Work required
Filter the entries for lines with the word "name".

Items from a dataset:
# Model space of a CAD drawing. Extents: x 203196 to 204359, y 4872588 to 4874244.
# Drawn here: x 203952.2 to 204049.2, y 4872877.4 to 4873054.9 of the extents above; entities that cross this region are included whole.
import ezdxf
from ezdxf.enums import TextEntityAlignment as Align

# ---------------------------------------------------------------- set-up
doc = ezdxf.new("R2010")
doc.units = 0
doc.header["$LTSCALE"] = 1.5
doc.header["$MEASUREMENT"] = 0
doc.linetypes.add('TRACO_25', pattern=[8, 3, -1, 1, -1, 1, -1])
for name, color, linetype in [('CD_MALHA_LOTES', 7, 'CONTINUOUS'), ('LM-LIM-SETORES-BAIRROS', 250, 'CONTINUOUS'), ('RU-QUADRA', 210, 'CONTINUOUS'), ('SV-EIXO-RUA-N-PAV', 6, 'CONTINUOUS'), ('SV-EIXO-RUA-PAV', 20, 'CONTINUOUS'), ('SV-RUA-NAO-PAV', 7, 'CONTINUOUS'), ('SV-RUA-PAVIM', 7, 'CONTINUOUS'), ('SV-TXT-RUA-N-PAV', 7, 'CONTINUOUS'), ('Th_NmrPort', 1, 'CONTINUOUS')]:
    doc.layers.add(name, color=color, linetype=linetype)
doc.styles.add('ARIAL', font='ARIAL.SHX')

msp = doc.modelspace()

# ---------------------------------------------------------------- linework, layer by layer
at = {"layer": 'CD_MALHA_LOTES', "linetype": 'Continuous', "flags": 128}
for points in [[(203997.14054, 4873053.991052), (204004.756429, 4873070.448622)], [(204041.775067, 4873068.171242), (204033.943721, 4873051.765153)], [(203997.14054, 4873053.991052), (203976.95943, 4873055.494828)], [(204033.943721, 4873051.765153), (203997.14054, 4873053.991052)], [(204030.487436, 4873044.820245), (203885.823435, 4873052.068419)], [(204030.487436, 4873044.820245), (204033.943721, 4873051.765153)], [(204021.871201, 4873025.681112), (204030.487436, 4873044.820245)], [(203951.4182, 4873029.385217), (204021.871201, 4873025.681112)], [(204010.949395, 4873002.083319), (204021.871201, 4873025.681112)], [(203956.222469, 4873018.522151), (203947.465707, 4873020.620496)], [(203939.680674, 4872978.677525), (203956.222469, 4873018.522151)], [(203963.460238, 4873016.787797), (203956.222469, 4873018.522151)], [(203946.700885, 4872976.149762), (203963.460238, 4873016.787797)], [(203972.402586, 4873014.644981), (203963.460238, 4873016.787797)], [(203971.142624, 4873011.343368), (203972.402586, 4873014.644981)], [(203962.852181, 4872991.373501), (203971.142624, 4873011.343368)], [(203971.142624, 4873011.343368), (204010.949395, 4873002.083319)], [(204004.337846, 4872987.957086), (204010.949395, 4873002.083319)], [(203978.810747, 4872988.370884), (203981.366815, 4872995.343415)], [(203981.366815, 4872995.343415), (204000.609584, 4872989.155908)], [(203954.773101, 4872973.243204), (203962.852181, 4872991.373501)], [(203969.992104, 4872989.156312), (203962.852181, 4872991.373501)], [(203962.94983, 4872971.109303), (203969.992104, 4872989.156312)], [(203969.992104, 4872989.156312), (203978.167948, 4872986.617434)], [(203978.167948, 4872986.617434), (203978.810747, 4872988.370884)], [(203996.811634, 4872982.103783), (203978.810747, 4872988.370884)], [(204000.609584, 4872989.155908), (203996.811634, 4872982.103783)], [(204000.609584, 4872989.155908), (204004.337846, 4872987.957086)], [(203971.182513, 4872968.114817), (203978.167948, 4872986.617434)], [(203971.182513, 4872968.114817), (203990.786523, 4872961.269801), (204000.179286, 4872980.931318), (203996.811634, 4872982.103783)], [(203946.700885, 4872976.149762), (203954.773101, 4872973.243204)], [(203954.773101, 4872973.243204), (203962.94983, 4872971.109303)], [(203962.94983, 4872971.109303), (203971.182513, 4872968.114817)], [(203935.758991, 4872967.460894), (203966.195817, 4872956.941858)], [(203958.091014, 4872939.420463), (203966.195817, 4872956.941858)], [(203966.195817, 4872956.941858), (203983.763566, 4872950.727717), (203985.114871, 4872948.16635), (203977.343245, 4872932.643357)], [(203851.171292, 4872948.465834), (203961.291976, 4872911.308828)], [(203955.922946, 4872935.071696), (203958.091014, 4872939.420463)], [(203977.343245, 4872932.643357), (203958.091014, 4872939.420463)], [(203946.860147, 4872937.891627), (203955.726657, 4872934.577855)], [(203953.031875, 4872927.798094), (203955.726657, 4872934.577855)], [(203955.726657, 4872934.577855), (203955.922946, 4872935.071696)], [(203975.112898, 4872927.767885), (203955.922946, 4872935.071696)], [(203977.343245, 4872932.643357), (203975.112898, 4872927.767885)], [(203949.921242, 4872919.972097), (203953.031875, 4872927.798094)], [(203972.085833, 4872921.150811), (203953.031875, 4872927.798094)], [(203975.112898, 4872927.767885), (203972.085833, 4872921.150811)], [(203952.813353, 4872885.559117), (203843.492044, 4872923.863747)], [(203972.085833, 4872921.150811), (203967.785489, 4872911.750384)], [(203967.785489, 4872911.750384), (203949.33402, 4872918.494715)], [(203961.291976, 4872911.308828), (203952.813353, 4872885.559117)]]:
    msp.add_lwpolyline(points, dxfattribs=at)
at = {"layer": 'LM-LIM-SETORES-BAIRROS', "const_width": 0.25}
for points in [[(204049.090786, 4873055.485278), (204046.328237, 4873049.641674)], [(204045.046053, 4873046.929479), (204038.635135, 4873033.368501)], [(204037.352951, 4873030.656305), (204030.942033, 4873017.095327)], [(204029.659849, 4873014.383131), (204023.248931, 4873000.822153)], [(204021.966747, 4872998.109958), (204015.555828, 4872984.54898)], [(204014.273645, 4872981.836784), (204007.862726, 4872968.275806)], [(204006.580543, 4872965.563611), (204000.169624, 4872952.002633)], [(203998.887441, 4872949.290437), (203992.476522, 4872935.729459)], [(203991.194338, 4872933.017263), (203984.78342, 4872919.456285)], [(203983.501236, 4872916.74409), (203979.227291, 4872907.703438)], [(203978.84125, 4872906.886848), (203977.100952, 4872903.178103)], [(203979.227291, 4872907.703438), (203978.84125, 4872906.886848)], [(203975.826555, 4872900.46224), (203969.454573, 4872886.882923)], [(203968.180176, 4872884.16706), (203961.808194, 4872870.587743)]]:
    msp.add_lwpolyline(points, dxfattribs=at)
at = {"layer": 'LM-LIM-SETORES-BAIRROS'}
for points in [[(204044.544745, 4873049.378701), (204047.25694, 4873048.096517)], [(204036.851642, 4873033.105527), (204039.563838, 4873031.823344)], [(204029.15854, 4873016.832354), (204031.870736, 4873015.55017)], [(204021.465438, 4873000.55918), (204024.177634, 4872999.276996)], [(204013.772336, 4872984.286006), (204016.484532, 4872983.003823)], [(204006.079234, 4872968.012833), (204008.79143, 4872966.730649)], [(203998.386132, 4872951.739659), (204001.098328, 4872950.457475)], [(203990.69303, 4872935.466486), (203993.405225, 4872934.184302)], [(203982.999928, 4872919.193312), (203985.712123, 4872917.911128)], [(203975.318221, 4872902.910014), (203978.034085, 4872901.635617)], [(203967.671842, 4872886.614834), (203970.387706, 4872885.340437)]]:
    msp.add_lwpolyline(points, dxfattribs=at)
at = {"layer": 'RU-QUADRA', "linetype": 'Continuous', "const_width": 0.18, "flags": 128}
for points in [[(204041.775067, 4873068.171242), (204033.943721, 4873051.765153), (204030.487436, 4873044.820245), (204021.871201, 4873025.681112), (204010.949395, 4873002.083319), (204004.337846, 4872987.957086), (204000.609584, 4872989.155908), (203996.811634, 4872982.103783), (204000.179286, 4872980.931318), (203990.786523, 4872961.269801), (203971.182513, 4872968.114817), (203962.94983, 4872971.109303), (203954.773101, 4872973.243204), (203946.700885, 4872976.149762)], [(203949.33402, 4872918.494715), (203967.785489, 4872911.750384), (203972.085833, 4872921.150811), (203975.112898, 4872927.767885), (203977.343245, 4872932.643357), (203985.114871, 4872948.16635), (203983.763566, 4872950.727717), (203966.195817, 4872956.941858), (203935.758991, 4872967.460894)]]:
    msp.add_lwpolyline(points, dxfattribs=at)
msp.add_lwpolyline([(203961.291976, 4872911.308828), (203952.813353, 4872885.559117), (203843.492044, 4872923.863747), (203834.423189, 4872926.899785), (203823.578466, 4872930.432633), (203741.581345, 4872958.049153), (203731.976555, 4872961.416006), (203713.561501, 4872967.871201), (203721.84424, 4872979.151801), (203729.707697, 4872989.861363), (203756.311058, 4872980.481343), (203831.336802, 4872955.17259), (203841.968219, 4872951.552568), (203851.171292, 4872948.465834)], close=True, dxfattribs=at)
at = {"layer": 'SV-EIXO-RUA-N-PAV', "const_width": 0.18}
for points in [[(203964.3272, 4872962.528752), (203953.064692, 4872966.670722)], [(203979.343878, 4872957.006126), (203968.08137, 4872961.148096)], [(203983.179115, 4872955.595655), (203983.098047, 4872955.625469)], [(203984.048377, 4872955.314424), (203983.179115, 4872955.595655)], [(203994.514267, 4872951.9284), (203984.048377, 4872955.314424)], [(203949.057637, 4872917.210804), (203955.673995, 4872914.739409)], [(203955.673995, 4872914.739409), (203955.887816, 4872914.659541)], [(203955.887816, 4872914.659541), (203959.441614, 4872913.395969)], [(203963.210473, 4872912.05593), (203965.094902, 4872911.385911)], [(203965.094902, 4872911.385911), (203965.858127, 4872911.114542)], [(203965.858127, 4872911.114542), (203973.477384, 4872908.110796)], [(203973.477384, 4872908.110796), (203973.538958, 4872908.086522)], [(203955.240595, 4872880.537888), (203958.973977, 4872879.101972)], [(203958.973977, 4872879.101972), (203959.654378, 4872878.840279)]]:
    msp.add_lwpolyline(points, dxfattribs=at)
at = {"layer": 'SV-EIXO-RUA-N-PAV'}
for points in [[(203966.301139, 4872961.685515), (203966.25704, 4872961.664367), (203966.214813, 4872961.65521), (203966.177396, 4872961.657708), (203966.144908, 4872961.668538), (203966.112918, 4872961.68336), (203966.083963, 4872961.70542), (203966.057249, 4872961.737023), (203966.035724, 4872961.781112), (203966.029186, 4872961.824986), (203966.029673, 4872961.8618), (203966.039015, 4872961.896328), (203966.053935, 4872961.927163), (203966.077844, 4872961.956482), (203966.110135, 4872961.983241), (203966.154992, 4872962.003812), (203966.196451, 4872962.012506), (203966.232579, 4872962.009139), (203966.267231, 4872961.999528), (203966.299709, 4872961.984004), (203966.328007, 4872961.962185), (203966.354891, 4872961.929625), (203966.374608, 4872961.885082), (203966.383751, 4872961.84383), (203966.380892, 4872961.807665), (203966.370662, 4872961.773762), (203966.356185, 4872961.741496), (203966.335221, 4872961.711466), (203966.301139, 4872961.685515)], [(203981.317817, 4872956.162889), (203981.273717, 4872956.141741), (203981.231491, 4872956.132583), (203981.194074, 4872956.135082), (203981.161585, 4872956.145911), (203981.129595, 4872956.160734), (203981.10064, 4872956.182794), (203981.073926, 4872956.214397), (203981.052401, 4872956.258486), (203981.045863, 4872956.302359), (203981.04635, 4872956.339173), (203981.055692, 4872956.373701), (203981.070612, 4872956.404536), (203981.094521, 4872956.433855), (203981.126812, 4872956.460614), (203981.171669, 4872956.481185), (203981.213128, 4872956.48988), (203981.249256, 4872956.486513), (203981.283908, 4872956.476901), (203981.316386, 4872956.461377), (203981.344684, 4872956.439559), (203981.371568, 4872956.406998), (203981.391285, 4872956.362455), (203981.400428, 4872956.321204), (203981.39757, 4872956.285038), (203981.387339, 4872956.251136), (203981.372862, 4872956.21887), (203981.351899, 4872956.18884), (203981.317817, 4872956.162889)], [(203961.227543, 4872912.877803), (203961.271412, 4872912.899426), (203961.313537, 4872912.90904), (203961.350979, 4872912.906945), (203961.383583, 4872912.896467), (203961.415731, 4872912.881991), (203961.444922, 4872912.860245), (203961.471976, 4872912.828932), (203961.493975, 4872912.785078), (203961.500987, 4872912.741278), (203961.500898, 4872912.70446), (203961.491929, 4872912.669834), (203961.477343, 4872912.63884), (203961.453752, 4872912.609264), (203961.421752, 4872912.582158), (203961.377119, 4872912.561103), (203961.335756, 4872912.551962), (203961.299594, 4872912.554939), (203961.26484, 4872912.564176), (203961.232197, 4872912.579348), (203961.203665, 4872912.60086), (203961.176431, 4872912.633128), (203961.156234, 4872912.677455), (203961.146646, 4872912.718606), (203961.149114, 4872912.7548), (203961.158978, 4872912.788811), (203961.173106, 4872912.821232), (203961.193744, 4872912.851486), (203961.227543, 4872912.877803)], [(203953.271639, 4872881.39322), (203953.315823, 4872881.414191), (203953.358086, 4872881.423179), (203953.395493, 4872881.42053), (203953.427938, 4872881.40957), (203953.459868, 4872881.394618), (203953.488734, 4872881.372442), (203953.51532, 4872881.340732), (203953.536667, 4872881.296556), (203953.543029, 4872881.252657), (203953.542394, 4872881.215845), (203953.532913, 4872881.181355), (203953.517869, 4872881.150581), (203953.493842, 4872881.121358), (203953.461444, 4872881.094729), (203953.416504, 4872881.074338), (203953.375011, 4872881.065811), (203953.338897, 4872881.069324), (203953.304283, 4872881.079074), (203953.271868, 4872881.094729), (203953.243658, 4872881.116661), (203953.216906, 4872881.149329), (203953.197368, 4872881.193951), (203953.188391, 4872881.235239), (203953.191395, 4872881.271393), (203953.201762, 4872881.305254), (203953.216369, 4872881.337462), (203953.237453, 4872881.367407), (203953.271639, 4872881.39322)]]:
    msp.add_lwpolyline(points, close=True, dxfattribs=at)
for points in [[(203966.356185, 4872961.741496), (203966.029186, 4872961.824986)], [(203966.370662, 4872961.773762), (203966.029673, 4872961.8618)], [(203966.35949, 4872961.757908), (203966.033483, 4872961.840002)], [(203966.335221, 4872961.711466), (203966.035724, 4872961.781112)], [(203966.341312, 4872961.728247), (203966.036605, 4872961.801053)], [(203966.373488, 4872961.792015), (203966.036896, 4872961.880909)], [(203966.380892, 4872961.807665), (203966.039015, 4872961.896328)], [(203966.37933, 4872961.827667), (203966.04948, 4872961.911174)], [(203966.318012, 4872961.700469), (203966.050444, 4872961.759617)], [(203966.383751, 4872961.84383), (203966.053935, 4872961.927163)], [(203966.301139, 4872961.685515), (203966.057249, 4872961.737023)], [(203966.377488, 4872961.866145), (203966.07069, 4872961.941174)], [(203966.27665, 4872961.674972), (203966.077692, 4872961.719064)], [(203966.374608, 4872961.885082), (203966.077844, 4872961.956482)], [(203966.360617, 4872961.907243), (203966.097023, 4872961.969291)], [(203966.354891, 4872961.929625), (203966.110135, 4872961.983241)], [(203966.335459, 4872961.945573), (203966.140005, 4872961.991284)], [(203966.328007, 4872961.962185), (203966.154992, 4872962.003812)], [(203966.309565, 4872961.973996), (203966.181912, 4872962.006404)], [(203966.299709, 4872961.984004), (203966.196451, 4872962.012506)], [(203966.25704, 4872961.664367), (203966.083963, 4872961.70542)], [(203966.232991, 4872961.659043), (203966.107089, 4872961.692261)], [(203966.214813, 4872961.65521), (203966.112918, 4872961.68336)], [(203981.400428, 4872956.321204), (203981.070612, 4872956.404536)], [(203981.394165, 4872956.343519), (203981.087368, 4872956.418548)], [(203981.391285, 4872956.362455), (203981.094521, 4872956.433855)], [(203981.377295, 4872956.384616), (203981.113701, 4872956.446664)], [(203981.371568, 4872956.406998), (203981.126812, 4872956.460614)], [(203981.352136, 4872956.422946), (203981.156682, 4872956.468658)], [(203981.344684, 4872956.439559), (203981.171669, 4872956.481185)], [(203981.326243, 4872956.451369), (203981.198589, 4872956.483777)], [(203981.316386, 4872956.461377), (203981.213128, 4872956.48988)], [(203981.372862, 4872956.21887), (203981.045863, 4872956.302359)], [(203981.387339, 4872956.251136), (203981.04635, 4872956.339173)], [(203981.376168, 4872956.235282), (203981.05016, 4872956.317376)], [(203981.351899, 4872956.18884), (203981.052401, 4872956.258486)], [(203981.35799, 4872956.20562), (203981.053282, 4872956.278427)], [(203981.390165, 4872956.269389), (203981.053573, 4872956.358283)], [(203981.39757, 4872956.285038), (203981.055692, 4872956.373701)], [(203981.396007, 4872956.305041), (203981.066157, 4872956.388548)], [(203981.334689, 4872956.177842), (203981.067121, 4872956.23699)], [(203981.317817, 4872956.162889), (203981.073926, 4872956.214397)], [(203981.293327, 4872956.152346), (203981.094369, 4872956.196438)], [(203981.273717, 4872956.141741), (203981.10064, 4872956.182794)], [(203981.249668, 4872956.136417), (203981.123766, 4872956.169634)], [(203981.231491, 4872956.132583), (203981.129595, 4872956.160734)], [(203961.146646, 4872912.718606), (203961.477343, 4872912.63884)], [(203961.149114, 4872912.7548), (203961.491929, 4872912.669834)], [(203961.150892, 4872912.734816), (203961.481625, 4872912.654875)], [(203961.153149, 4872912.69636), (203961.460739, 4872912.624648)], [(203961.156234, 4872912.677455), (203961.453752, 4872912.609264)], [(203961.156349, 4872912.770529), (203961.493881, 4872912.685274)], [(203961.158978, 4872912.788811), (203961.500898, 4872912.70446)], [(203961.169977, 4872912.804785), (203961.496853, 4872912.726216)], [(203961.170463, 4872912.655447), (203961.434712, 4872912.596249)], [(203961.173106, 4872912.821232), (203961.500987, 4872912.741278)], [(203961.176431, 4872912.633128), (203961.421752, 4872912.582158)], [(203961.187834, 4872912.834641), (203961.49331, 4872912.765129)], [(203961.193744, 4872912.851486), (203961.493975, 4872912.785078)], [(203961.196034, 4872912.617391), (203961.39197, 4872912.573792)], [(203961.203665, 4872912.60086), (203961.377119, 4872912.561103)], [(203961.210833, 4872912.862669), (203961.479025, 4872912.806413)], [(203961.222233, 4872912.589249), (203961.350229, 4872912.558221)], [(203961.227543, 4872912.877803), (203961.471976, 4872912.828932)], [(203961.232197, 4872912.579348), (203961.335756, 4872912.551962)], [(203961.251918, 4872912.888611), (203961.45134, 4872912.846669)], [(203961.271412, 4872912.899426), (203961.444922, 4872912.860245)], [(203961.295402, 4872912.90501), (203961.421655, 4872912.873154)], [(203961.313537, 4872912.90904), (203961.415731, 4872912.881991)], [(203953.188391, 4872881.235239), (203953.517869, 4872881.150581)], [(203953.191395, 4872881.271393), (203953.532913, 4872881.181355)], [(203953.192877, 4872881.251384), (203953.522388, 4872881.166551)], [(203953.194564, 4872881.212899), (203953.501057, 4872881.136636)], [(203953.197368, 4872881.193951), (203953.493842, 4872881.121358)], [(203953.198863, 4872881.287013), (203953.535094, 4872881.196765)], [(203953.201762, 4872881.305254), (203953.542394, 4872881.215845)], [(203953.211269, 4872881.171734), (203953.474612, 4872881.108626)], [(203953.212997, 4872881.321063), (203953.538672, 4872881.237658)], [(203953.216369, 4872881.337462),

Task result
for name, color, linetype in [('CD_MALHA_LOTES', 7, 'CONTINUOUS'), ('LM-LIM-SETORES-BAIRROS', 250, 'CONTINUOUS'), ('RU-QUADRA', 210, 'CONTINUOUS'), ('SV-EIXO-RUA-N-PAV', 6, 'CONTINUOUS'), ('SV-EIXO-RUA-PAV', 20, 'CONTINUOUS'), ('SV-RUA-NAO-PAV', 7, 'CONTINUOUS'), ('SV-RUA-PAVIM', 7, 'CONTINUOUS'), ('SV-TXT-RUA-N-PAV', 7, 'CONTINUOUS'), ('Th_NmrPort', 1, 'CONTINUOUS')]:
    doc.layers.add(name, color=color, linetype=linetype)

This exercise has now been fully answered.